As the hour of landing approached, Tokajer – the police chief of Holmes Beach – “juggled.”

“There’s no other word for it,” he said. “We are still working on Helene and at the same time we are working on Milton. So we're trying to get everyone out of Milton, and we're trying to move all the rubble away from Helene…

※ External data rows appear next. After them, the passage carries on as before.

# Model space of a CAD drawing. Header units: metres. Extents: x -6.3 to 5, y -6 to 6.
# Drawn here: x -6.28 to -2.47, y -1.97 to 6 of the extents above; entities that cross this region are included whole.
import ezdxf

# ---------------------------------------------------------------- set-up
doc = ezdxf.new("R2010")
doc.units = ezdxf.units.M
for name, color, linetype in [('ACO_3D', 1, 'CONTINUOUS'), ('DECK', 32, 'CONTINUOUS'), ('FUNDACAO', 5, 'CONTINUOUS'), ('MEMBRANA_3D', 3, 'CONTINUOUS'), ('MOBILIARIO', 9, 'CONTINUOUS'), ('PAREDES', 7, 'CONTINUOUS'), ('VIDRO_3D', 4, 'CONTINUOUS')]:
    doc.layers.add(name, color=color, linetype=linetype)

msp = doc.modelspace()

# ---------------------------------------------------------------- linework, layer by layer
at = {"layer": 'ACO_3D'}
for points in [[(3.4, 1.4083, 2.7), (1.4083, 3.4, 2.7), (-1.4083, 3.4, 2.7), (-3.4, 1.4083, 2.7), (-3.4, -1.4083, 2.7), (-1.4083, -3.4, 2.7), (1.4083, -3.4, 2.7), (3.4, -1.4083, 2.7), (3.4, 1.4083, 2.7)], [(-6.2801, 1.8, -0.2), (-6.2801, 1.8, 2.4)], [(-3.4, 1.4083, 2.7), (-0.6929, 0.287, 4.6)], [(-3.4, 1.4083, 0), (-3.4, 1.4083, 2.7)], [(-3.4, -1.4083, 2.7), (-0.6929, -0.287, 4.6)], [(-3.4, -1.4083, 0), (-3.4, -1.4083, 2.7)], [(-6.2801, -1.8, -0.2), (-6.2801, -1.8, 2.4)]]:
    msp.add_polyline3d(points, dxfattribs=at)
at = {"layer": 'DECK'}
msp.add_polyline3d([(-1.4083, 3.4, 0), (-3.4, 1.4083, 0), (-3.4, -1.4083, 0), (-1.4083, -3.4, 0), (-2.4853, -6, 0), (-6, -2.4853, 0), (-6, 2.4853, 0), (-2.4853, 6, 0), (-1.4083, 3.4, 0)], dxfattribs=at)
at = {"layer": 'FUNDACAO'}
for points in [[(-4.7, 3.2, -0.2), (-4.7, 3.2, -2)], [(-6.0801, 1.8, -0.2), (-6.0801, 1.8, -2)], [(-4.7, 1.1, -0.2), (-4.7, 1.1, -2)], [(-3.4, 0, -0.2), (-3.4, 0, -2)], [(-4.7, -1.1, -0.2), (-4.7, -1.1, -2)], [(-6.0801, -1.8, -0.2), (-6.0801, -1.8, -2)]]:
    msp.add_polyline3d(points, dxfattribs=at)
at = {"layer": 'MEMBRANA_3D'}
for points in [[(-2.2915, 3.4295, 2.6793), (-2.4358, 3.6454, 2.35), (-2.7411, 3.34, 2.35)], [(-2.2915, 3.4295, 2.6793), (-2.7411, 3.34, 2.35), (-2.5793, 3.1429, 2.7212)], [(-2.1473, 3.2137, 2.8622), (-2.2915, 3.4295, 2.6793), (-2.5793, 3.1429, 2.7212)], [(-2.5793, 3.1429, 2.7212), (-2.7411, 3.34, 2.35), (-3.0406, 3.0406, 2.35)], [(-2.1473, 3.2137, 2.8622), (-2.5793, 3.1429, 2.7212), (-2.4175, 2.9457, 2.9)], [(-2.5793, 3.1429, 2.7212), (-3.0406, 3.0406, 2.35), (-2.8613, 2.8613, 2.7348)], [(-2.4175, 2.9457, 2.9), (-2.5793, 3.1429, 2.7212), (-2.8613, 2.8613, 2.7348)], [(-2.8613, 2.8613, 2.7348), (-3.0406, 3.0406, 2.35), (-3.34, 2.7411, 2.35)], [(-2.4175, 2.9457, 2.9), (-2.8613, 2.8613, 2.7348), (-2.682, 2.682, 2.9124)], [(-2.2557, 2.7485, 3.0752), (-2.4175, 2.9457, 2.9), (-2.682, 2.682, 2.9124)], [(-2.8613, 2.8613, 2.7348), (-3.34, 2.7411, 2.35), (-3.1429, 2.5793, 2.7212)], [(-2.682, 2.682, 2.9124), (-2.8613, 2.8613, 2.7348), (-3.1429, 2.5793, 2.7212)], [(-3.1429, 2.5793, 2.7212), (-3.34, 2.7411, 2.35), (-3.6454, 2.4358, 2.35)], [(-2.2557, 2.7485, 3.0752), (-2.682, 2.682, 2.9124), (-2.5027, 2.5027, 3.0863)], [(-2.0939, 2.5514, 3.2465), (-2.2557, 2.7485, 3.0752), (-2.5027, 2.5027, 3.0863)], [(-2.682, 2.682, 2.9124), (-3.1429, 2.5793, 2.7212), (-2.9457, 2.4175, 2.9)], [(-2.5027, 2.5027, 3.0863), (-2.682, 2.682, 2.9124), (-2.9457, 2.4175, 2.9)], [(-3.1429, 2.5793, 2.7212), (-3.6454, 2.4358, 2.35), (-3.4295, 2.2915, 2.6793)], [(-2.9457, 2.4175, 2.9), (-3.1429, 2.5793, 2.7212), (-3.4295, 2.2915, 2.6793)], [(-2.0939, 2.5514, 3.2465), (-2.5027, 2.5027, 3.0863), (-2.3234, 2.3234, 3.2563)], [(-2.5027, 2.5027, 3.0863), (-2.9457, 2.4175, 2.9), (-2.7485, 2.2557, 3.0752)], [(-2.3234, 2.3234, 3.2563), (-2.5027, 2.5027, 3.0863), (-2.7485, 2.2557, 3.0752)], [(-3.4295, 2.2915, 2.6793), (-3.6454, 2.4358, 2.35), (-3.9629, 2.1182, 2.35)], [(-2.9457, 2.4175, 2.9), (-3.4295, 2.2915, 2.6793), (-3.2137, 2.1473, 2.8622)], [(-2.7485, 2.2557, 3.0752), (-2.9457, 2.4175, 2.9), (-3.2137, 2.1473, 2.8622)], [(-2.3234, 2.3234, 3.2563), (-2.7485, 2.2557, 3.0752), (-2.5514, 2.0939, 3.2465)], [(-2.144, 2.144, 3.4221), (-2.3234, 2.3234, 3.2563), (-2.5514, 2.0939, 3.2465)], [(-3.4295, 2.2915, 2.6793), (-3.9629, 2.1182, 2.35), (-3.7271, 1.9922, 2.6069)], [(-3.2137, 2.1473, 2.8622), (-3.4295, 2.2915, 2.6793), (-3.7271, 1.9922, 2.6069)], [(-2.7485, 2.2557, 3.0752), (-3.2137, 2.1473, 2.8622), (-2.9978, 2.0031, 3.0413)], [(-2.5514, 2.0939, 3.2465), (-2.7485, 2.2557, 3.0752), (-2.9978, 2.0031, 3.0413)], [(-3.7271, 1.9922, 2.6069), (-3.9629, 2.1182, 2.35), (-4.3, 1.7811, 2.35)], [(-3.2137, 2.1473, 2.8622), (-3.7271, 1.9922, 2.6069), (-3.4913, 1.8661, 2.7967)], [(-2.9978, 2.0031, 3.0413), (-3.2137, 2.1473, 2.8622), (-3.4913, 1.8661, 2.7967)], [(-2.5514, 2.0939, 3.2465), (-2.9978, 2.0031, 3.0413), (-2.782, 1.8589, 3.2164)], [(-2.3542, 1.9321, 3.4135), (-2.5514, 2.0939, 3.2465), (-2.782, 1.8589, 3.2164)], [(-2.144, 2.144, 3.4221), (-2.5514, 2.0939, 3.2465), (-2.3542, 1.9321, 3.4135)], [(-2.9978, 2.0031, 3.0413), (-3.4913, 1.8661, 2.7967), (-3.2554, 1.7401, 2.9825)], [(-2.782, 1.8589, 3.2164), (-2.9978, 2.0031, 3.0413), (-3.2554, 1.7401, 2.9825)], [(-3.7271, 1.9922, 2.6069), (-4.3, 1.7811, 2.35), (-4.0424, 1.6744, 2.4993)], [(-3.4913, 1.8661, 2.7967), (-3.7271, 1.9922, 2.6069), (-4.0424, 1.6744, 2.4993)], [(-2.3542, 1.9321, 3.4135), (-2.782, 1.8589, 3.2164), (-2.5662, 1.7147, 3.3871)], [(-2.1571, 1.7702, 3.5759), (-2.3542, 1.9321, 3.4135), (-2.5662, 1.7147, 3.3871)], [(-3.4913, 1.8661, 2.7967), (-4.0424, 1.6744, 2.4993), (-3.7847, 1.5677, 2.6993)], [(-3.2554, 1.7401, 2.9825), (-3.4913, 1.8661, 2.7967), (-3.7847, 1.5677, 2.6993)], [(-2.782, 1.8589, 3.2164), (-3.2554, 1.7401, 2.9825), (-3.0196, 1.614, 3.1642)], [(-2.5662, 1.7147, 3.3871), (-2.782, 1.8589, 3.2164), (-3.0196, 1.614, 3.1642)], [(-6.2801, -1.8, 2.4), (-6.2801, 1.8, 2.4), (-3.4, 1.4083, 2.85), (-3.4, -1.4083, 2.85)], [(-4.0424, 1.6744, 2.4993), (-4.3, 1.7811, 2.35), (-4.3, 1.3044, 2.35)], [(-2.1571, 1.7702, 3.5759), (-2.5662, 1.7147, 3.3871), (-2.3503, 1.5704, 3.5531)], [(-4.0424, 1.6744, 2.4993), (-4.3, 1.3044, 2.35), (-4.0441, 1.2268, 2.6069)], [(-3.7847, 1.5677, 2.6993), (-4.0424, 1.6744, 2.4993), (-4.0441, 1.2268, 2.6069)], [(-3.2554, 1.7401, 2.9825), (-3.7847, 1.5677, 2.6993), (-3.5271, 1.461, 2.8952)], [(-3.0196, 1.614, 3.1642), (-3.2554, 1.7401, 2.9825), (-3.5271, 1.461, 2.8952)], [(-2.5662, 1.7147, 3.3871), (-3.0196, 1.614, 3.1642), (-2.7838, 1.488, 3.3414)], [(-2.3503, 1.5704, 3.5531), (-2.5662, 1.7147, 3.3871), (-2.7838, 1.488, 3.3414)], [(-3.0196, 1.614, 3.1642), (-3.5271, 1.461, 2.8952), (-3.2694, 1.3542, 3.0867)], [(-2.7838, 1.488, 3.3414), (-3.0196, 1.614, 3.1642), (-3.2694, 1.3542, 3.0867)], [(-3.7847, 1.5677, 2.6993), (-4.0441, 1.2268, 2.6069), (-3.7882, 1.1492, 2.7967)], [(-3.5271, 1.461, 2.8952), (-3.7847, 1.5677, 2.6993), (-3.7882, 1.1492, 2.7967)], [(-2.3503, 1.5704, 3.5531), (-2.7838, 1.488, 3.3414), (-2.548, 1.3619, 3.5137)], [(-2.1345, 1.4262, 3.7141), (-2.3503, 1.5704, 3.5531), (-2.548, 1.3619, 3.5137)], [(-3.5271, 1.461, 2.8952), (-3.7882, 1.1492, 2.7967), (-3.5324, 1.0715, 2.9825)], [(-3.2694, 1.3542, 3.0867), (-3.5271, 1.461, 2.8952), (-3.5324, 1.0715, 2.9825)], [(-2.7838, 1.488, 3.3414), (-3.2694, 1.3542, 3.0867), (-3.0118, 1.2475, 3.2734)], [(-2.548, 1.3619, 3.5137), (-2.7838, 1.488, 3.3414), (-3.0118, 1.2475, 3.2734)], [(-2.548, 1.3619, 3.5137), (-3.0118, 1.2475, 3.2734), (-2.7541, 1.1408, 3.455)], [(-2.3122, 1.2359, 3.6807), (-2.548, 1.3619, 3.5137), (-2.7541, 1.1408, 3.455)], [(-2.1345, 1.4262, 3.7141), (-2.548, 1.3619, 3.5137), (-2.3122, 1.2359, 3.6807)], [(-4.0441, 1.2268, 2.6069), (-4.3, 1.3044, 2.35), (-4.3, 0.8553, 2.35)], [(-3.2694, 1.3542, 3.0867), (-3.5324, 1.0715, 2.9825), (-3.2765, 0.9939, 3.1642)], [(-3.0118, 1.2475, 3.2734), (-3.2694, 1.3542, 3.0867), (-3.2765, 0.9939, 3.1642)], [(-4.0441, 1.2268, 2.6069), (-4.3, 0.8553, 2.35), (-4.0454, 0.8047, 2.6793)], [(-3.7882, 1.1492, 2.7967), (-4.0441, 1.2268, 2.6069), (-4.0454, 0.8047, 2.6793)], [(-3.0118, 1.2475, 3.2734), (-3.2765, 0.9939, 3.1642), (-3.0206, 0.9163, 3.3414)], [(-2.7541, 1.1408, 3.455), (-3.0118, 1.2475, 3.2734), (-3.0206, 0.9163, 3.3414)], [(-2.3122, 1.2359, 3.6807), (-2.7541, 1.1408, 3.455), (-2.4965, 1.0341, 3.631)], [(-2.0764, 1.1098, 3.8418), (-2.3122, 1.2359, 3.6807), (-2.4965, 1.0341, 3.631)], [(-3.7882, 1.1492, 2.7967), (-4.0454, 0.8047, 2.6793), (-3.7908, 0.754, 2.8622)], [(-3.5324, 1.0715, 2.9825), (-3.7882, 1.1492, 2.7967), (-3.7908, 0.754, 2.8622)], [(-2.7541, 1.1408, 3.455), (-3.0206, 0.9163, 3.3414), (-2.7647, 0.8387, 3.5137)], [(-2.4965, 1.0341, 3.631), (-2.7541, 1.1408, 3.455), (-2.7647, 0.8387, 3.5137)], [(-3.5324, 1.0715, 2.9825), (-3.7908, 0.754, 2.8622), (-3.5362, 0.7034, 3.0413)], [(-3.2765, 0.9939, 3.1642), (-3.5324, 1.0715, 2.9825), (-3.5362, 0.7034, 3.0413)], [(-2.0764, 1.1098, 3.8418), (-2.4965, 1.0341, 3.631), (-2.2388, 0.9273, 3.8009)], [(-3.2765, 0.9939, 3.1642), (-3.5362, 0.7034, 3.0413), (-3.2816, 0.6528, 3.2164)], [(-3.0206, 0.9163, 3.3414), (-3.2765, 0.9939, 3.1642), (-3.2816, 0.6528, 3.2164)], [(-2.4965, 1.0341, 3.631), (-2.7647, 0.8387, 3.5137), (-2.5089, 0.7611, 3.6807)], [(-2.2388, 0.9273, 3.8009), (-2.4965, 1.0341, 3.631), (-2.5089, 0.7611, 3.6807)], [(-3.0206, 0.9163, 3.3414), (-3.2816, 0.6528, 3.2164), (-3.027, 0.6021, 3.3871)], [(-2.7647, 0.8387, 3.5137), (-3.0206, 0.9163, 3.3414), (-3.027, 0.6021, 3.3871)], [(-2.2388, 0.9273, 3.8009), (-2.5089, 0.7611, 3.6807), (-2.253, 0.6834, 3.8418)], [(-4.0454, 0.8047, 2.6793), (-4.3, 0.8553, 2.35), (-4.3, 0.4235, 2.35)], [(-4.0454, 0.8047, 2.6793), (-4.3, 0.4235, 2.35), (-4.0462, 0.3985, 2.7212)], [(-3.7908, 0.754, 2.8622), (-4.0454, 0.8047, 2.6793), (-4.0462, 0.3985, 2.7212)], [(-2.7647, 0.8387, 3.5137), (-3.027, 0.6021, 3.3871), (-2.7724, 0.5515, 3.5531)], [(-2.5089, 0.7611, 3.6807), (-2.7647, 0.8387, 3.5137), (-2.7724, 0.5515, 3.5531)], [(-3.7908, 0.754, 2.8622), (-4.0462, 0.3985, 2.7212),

“And if you haven’t evacuated yet, get out by tonight. “You have to get out of here,” he said. “So far it looks as if the increase will be twice as high as for Helene. If we have double Helene's flood, the water out here will be over my head. We won't be here.

“It will be surreal.”

Earlier, Keglor had reflected on his own rare evacuation with his tabby cat on Interstate 4, which in some ways reflected the unusual nature of Milton for Florida's central west coast: “If the storm stays on the current track, it will be the worst storm “This will impact the Tampa area for over 100 years,” the city's National Weather Service warned Monday.

“Statistically speaking, I guess we haven't really been hit directly in 100 years, and that seems to be it,” Keglor said.

Then, as he crept along the highway—with Milton churning in the Gulf—Keglor's thoughts turned to a lore he had picked up during his years in Seminole.

“It's like the Tocobaga tribe that blessed the Tampa Bay area and warded off storms,” he explained.

“And it just feels like it’s time to repeat that blessing.”

CNN's Paul P. Murphy reported from the west coast of Florida and Michelle Krupa wrote from Atlanta; Leigh Waldman in Tampa contributed to this report.